Provided records:
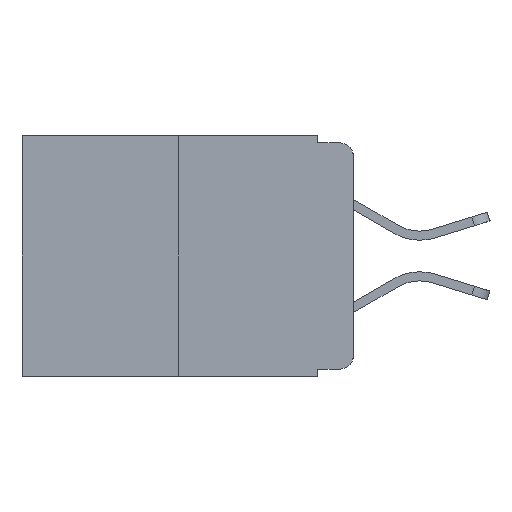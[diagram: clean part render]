
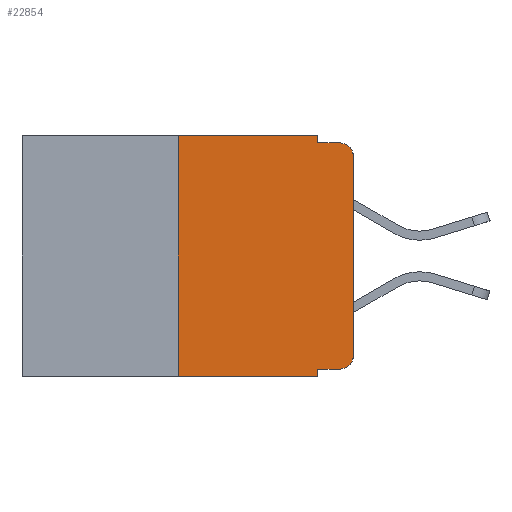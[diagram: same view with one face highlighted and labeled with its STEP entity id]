
A CAD part, left-side view. The second image highlights one B-rep face of the part: STEP entity #22854.
In plain terms, the highlighted planar face has unit normal (-1, 0, 0).
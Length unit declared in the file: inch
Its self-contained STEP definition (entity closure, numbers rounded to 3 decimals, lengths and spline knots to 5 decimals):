
#114 = VERTEX_POINT ( 'NONE', #8776 ) ;
#993 = CARTESIAN_POINT ( 'NONE',  ( 0., 0.25, -0.343 ) ) ;
#1153 = VECTOR ( 'NONE', #4797, 39.37008 ) ;
#1374 = CARTESIAN_POINT ( 'NONE',  ( 0., 0.051, -0.01 ) ) ;
#1442 = DIRECTION ( 'NONE',  ( 1., 0., 0. ) ) ;
#1578 = CIRCLE ( 'NONE', #7462, 0.02 ) ;
#1750 = LINE ( 'NONE', #2900, #1153 ) ;
#1971 = EDGE_CURVE ( 'NONE', #3281, #5273, #22069, .T. ) ;
#2463 = ORIENTED_EDGE ( 'NONE', *, *, #11676, .F. ) ;
#2483 = ORIENTED_EDGE ( 'NONE', *, *, #7172, .T. ) ;
#2488 = DIRECTION ( 'NONE',  ( 0., 0., 1. ) ) ;
#2900 = CARTESIAN_POINT ( 'NONE',  ( 0., 0.473, -0.343 ) ) ;
#3281 = VERTEX_POINT ( 'NONE', #993 ) ;
#3722 = EDGE_CURVE ( 'NONE', #23732, #4732, #13948, .T. ) ;
#4207 = CARTESIAN_POINT ( 'NONE',  ( 0., 0.02, -0.03 ) ) ;
#4277 = LINE ( 'NONE', #15344, #4862 ) ;
#4514 = EDGE_CURVE ( 'NONE', #5904, #19916, #14515, .T. ) ;
#4732 = VERTEX_POINT ( 'NONE', #21338 ) ;
#4797 = DIRECTION ( 'NONE',  ( 0., -1., 0. ) ) ;
#4862 = VECTOR ( 'NONE', #7398, 39.37008 ) ;
#5273 = VERTEX_POINT ( 'NONE', #9358 ) ;
#5623 = VECTOR ( 'NONE', #24326, 39.37008 ) ;
#5770 = ORIENTED_EDGE ( 'NONE', *, *, #10319, .T. ) ;
#5904 = VERTEX_POINT ( 'NONE', #24869 ) ;
#5933 = EDGE_CURVE ( 'NONE', #5273, #21860, #4277, .T. ) ;
#6019 = VERTEX_POINT ( 'NONE', #11661 ) ;
#6447 = VECTOR ( 'NONE', #15104, 39.37008 ) ;
#6759 = CARTESIAN_POINT ( 'NONE',  ( 0., 0.051, -0.01 ) ) ;
#6796 = LINE ( 'NONE', #9241, #21796 ) ;
#7172 = EDGE_CURVE ( 'NONE', #19916, #6019, #1578, .T. ) ;
#7398 = DIRECTION ( 'NONE',  ( 0., -1., 0. ) ) ;
#7462 = AXIS2_PLACEMENT_3D ( 'NONE', #20850, #9132, #22790 ) ;
#7728 = CARTESIAN_POINT ( 'NONE',  ( 0., 0.473, 0. ) ) ;
#7936 = ORIENTED_EDGE ( 'NONE', *, *, #3722, .T. ) ;
#8080 = FACE_OUTER_BOUND ( 'NONE', #17645, .T. ) ;
#8615 = VECTOR ( 'NONE', #14957, 39.37008 ) ;
#8776 = CARTESIAN_POINT ( 'NONE',  ( 0., 0.051, -0.343 ) ) ;
#8914 = VECTOR ( 'NONE', #21884, 39.37008 ) ;
#8988 = LINE ( 'NONE', #23865, #18238 ) ;
#9132 = DIRECTION ( 'NONE',  ( -1., 0., 0. ) ) ;
#9241 = CARTESIAN_POINT ( 'NONE',  ( 0., 0.051, 0. ) ) ;
#9358 = CARTESIAN_POINT ( 'NONE',  ( 0., 0.25, 0. ) ) ;
#9602 = EDGE_CURVE ( 'NONE', #3281, #114, #1750, .T. ) ;
#10319 = EDGE_CURVE ( 'NONE', #6019, #23732, #8988, .T. ) ;
#11661 = CARTESIAN_POINT ( 'NONE',  ( 0., 0., -0.313 ) ) ;
#11676 = EDGE_CURVE ( 'NONE', #21860, #24479, #14218, .T. ) ;
#11741 = PLANE ( 'NONE',  #15269 ) ;
#12007 = ORIENTED_EDGE ( 'NONE', *, *, #9602, .T. ) ;
#12841 = CARTESIAN_POINT ( 'NONE',  ( 0., 0., -0.03 ) ) ;
#12894 = AXIS2_PLACEMENT_3D ( 'NONE', #4207, #13783, #16542 ) ;
#13003 = CARTESIAN_POINT ( 'NONE',  ( 0., 0.051, -0.333 ) ) ;
#13718 = DIRECTION ( 'NONE',  ( 0., 0., -1. ) ) ;
#13783 = DIRECTION ( 'NONE',  ( -1., 0., 0. ) ) ;
#13948 = CIRCLE ( 'NONE', #12894, 0.02 ) ;
#14218 = LINE ( 'NONE', #23734, #8914 ) ;
#14303 = EDGE_CURVE ( 'NONE', #24479, #4732, #21256, .T. ) ;
#14515 = LINE ( 'NONE', #13003, #8615 ) ;
#14582 = CARTESIAN_POINT ( 'NONE',  ( 0., 0.25, 0. ) ) ;
#14957 = DIRECTION ( 'NONE',  ( 0., -1., 0. ) ) ;
#15104 = DIRECTION ( 'NONE',  ( 0., 0., 1. ) ) ;
#15269 = AXIS2_PLACEMENT_3D ( 'NONE', #7728, #1442, #13718 ) ;
#15344 = CARTESIAN_POINT ( 'NONE',  ( 0., 0.473, 0. ) ) ;
#15360 = ORIENTED_EDGE ( 'NONE', *, *, #5933, .F. ) ;
#16299 = ORIENTED_EDGE ( 'NONE', *, *, #23356, .F. ) ;
#16542 = DIRECTION ( 'NONE',  ( 0., 0., -1. ) ) ;
#17525 = ORIENTED_EDGE ( 'NONE', *, *, #4514, .T. ) ;
#17645 = EDGE_LOOP ( 'NONE', ( #5770, #7936, #24084, #2463, #15360, #21700, #12007, #16299, #17525, #2483 ) ) ;
#18238 = VECTOR ( 'NONE', #2488, 39.37008 ) ;
#19916 = VERTEX_POINT ( 'NONE', #24596 ) ;
#20850 = CARTESIAN_POINT ( 'NONE',  ( 0., 0.02, -0.313 ) ) ;
#20951 = DIRECTION ( 'NONE',  ( 0., 0., -1. ) ) ;
#21256 = LINE ( 'NONE', #6759, #5623 ) ;
#21338 = CARTESIAN_POINT ( 'NONE',  ( 0., 0.02, -0.01 ) ) ;
#21700 = ORIENTED_EDGE ( 'NONE', *, *, #1971, .F. ) ;
#21796 = VECTOR ( 'NONE', #20951, 39.37008 ) ;
#21860 = VERTEX_POINT ( 'NONE', #24752 ) ;
#21884 = DIRECTION ( 'NONE',  ( 0., 0., -1. ) ) ;
#22069 = LINE ( 'NONE', #14582, #6447 ) ;
#22790 = DIRECTION ( 'NONE',  ( 0., 0., -1. ) ) ;
#22854 = ADVANCED_FACE ( 'NONE', ( #8080 ), #11741, .F. ) ;
#23356 = EDGE_CURVE ( 'NONE', #5904, #114, #6796, .T. ) ;
#23732 = VERTEX_POINT ( 'NONE', #12841 ) ;
#23734 = CARTESIAN_POINT ( 'NONE',  ( 0., 0.051, 0. ) ) ;
#23865 = CARTESIAN_POINT ( 'NONE',  ( 0., 0., 0. ) ) ;
#24084 = ORIENTED_EDGE ( 'NONE', *, *, #14303, .F. ) ;
#24326 = DIRECTION ( 'NONE',  ( 0., -1., 0. ) ) ;
#24479 = VERTEX_POINT ( 'NONE', #1374 ) ;
#24596 = CARTESIAN_POINT ( 'NONE',  ( 0., 0.02, -0.333 ) ) ;
#24752 = CARTESIAN_POINT ( 'NONE',  ( 0., 0.051, 0. ) ) ;
#24869 = CARTESIAN_POINT ( 'NONE',  ( 0., 0.051, -0.333 ) ) ;

Work instructions:
The required answer is an exact, picture-free copy of the lines from the opening of the listing above through the line with "In plain terms, the".

Answer for the task:
[diagram: clean part render]
[diagram: same view with one face highlighted and labeled with its STEP entity id]
A CAD part, left-side view. The second image highlights one B-rep face of the part: STEP entity #22854.
In plain terms, the highlighted planar face has unit normal (-1, 0, 0).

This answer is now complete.